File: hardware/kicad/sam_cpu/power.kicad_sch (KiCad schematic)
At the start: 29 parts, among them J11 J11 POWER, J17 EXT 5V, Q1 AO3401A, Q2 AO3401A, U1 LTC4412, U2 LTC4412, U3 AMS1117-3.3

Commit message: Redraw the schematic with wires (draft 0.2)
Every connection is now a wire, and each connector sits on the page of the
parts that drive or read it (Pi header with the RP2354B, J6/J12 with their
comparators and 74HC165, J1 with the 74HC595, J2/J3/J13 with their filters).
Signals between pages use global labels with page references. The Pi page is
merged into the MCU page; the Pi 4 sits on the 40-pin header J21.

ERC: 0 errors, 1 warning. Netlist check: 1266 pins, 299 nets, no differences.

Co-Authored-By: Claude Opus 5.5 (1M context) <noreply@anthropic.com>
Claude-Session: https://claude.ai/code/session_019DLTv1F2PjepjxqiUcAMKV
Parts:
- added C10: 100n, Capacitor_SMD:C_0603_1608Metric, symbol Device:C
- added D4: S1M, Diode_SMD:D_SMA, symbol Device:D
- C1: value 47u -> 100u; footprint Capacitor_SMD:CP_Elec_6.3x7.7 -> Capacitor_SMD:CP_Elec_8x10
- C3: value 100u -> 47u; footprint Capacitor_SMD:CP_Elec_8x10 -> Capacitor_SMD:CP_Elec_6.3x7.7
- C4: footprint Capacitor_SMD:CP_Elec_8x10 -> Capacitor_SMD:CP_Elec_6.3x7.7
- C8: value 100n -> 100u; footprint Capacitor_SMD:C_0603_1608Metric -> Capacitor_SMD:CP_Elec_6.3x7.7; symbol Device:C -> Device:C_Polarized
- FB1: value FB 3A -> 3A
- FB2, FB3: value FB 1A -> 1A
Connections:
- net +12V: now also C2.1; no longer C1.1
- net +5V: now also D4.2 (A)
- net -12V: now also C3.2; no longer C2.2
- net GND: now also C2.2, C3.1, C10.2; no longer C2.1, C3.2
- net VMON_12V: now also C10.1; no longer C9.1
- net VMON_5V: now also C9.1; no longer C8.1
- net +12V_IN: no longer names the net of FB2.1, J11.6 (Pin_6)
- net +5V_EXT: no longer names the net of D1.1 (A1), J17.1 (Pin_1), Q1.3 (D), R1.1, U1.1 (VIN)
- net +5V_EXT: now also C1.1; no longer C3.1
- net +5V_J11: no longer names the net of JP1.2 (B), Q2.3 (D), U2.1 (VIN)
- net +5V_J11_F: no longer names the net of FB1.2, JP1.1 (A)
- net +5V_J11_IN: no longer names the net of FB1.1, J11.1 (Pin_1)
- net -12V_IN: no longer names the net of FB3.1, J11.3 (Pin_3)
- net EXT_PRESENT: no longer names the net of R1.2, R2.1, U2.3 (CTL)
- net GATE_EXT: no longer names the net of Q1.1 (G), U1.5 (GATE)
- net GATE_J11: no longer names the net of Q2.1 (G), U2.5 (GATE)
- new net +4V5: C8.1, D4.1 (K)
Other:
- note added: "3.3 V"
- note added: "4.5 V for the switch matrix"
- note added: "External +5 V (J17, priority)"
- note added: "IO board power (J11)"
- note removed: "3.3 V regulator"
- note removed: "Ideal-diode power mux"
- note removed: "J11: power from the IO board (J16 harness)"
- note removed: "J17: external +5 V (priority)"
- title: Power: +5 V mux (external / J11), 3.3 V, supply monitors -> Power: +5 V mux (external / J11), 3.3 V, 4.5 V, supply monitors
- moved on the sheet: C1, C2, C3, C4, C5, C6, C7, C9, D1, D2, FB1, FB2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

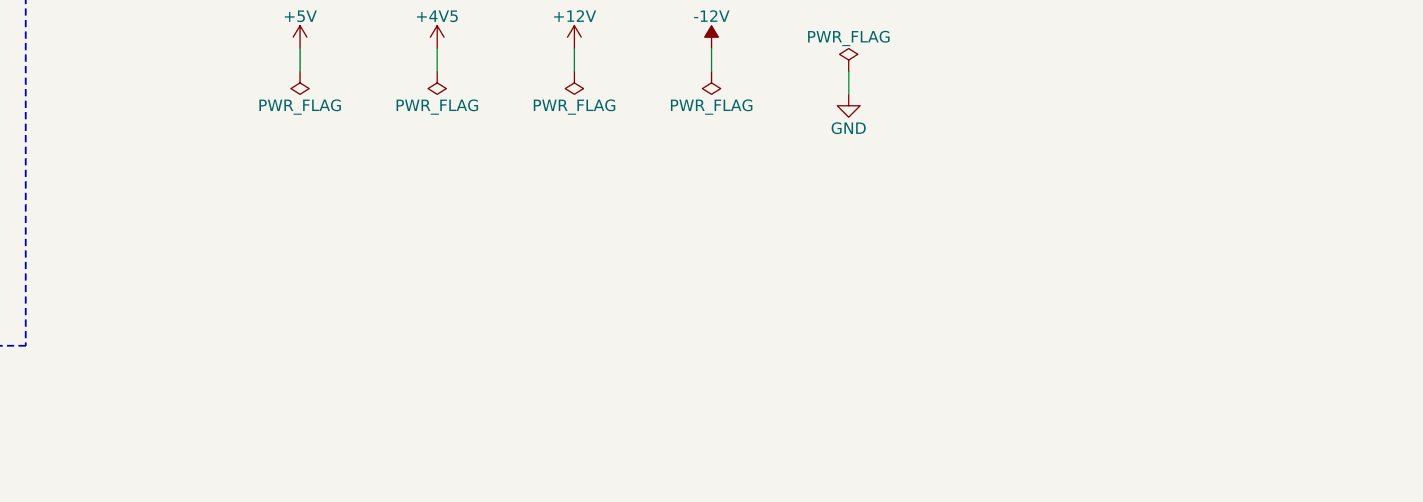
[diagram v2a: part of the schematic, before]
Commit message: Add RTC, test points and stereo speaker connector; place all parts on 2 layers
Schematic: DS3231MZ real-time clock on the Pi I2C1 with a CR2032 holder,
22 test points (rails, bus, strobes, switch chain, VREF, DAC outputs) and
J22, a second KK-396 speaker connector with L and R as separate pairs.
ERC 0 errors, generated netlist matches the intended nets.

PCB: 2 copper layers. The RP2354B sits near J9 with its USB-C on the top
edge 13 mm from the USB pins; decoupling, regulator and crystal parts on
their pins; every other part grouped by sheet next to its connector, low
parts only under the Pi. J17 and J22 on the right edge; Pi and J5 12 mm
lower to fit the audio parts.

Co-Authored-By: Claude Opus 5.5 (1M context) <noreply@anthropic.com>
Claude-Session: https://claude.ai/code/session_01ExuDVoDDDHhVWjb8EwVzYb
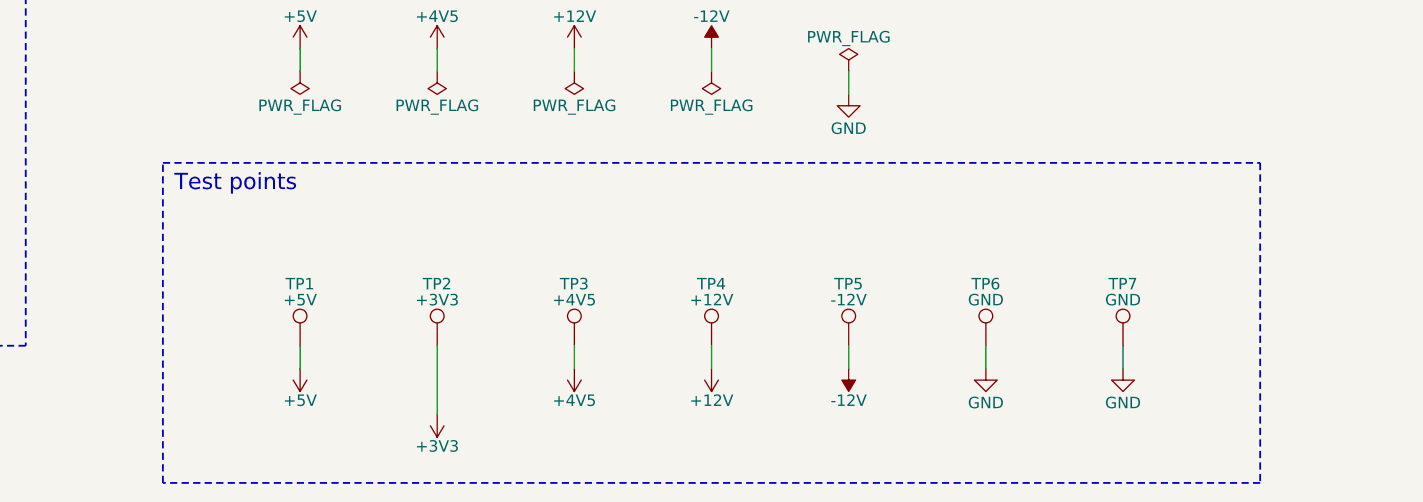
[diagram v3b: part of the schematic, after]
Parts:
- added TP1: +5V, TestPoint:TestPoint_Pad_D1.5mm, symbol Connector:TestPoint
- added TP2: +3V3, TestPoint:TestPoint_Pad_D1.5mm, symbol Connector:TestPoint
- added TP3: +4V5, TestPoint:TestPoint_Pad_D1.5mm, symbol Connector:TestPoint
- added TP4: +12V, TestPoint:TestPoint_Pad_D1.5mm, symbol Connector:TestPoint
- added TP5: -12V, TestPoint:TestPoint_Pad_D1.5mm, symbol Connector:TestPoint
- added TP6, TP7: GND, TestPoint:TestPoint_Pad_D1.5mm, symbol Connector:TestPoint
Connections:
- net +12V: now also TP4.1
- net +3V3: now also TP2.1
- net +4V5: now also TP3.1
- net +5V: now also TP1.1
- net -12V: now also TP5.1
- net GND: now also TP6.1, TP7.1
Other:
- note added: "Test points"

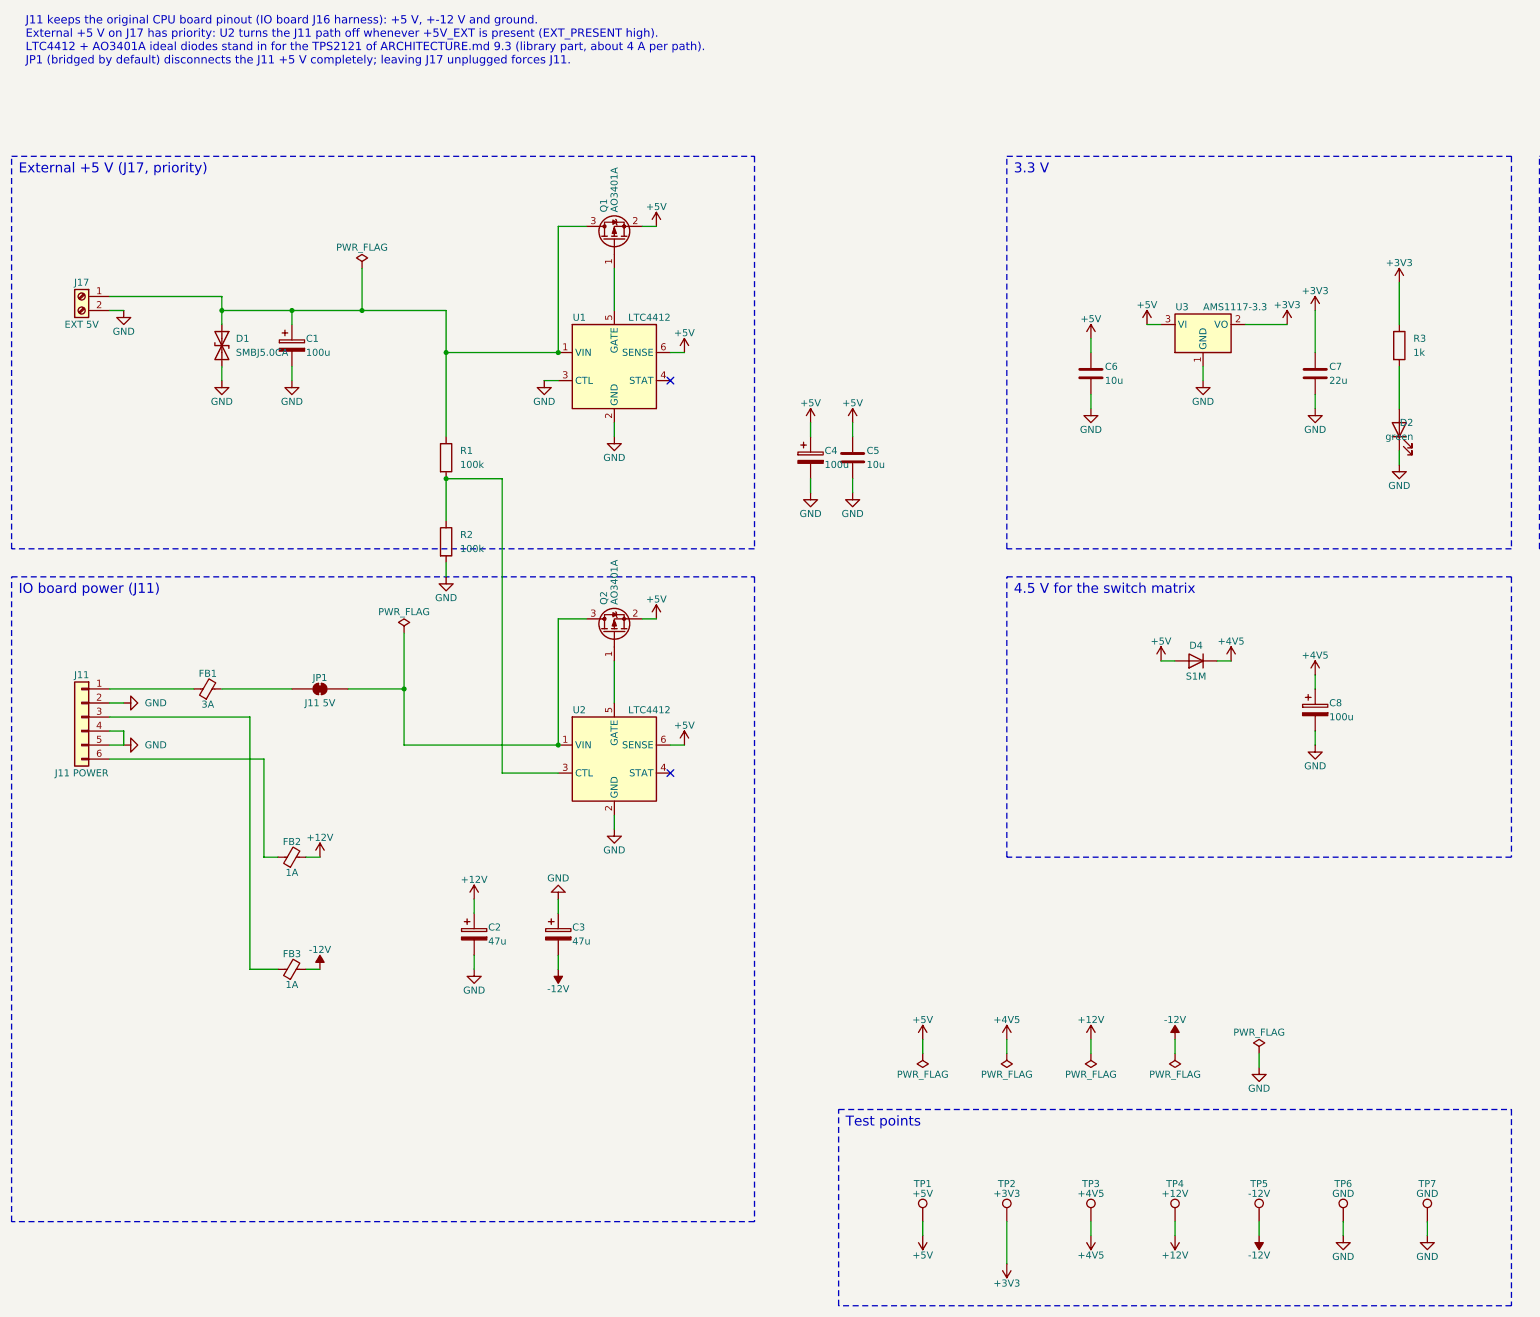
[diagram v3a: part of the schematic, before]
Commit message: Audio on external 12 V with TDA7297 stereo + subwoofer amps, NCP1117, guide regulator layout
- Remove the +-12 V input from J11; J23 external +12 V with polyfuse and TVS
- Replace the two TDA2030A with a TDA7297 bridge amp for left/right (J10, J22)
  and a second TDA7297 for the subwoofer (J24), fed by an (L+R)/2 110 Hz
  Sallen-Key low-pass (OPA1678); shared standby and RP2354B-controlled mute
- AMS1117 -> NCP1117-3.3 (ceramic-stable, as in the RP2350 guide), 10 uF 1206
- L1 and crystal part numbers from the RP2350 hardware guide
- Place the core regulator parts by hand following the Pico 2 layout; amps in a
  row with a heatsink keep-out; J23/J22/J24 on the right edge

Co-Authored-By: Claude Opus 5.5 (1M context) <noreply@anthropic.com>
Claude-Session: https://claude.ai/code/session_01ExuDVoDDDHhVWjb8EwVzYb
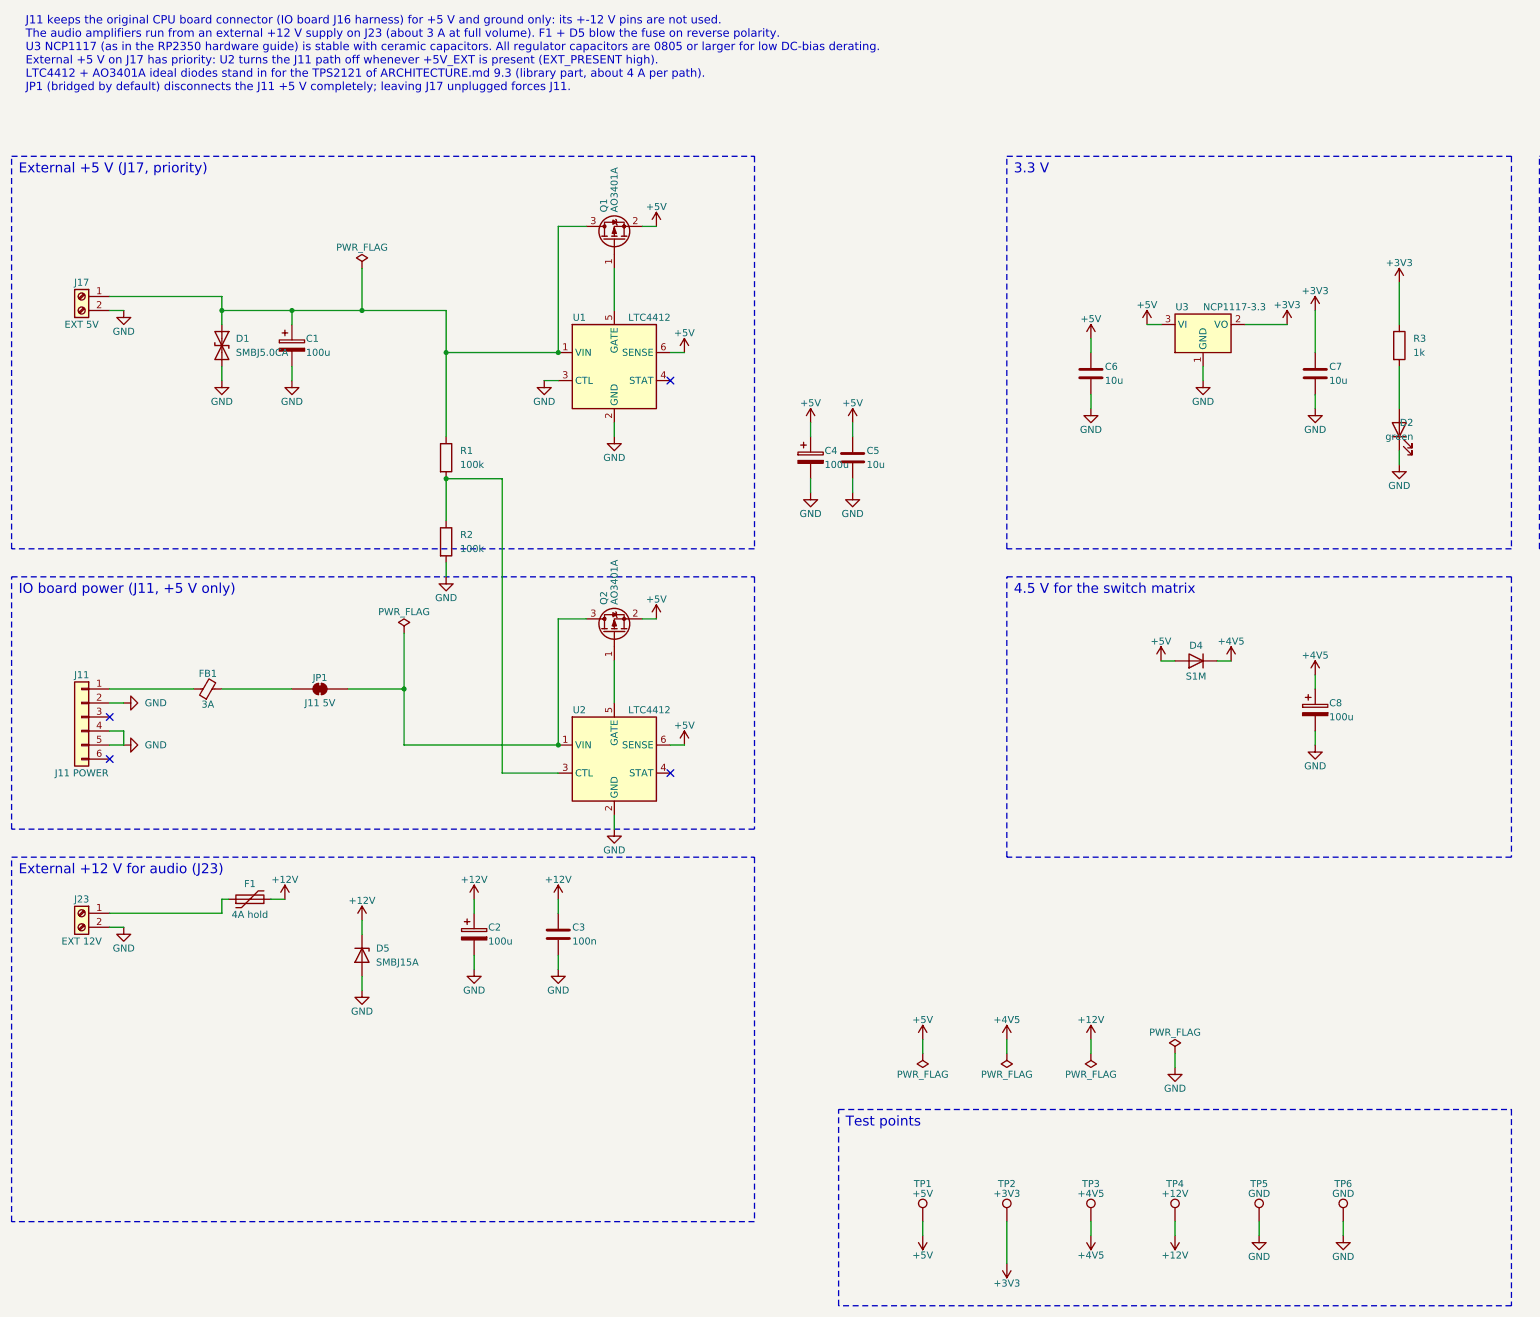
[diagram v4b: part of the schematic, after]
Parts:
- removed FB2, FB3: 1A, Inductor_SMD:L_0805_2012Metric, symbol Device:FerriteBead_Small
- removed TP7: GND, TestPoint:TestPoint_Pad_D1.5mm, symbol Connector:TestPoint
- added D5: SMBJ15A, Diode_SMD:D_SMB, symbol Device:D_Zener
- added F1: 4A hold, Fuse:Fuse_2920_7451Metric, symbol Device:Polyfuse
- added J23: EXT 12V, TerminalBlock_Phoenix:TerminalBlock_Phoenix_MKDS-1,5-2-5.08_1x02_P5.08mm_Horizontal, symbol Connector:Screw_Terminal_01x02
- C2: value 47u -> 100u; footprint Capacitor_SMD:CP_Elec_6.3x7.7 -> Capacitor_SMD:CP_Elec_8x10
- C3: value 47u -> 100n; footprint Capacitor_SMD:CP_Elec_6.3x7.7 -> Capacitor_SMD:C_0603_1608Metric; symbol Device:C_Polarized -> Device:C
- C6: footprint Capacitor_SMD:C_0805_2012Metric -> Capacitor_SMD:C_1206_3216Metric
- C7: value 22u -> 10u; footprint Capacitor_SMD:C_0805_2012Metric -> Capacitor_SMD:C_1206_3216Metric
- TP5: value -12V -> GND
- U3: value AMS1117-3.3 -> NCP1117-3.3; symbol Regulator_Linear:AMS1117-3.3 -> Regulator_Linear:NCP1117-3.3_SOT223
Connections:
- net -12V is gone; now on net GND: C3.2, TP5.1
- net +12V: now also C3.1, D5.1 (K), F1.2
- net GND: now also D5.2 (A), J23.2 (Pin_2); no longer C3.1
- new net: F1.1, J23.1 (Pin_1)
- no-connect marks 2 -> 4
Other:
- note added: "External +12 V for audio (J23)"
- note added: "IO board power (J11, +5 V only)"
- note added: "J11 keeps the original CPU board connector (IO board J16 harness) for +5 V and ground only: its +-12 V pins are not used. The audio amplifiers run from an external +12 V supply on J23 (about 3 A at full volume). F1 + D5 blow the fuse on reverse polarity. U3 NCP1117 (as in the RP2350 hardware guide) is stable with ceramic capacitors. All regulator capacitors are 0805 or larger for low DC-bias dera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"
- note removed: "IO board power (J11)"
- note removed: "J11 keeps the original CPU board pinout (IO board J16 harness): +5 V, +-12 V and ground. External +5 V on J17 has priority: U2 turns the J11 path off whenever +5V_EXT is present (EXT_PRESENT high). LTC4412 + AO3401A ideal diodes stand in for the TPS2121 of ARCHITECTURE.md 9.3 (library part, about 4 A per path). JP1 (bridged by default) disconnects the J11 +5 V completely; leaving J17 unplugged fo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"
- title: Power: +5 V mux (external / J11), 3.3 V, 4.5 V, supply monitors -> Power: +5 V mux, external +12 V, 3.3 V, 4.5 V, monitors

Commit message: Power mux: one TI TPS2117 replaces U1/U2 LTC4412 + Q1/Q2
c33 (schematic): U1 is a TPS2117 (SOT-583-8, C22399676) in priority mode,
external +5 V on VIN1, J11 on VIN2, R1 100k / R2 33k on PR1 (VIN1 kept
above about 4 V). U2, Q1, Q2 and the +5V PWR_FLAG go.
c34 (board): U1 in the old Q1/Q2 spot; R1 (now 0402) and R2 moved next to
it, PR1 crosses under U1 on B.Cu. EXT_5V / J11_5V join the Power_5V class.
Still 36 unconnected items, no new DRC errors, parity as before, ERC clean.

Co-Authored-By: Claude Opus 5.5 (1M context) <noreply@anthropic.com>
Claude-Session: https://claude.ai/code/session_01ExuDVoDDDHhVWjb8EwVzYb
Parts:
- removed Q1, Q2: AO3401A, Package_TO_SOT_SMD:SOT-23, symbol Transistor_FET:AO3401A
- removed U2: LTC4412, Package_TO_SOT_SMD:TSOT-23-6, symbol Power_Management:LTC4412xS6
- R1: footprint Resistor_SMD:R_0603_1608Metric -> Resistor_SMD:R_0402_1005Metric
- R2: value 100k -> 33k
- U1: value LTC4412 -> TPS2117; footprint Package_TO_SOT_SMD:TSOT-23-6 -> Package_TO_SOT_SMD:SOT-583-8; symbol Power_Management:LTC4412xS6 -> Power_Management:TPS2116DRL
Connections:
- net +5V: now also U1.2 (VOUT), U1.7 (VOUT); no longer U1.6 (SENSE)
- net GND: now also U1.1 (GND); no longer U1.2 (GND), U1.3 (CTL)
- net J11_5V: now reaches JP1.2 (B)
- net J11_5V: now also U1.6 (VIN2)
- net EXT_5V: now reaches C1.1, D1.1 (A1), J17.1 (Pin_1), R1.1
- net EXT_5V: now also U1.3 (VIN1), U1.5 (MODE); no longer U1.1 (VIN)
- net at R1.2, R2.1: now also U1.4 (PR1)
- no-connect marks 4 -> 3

#### About this exercise
Output the lines of the records above exactly as they appear, from the line containing "- net +5V_EXT: no longer" through the line containing "- net +5V_J11_IN: no".

#### Output of the exercise
- net +5V_EXT: no longer names the net of D1.1 (A1), J17.1 (Pin_1), Q1.3 (D), R1.1, U1.1 (VIN)
- net +5V_EXT: now also C1.1; no longer C3.1
- net +5V_J11: no longer names the net of JP1.2 (B), Q2.3 (D), U2.1 (VIN)
- net +5V_J11_F: no longer names the net of FB1.2, JP1.1 (A)
- net +5V_J11_IN: no longer names the net of FB1.1, J11.1 (Pin_1)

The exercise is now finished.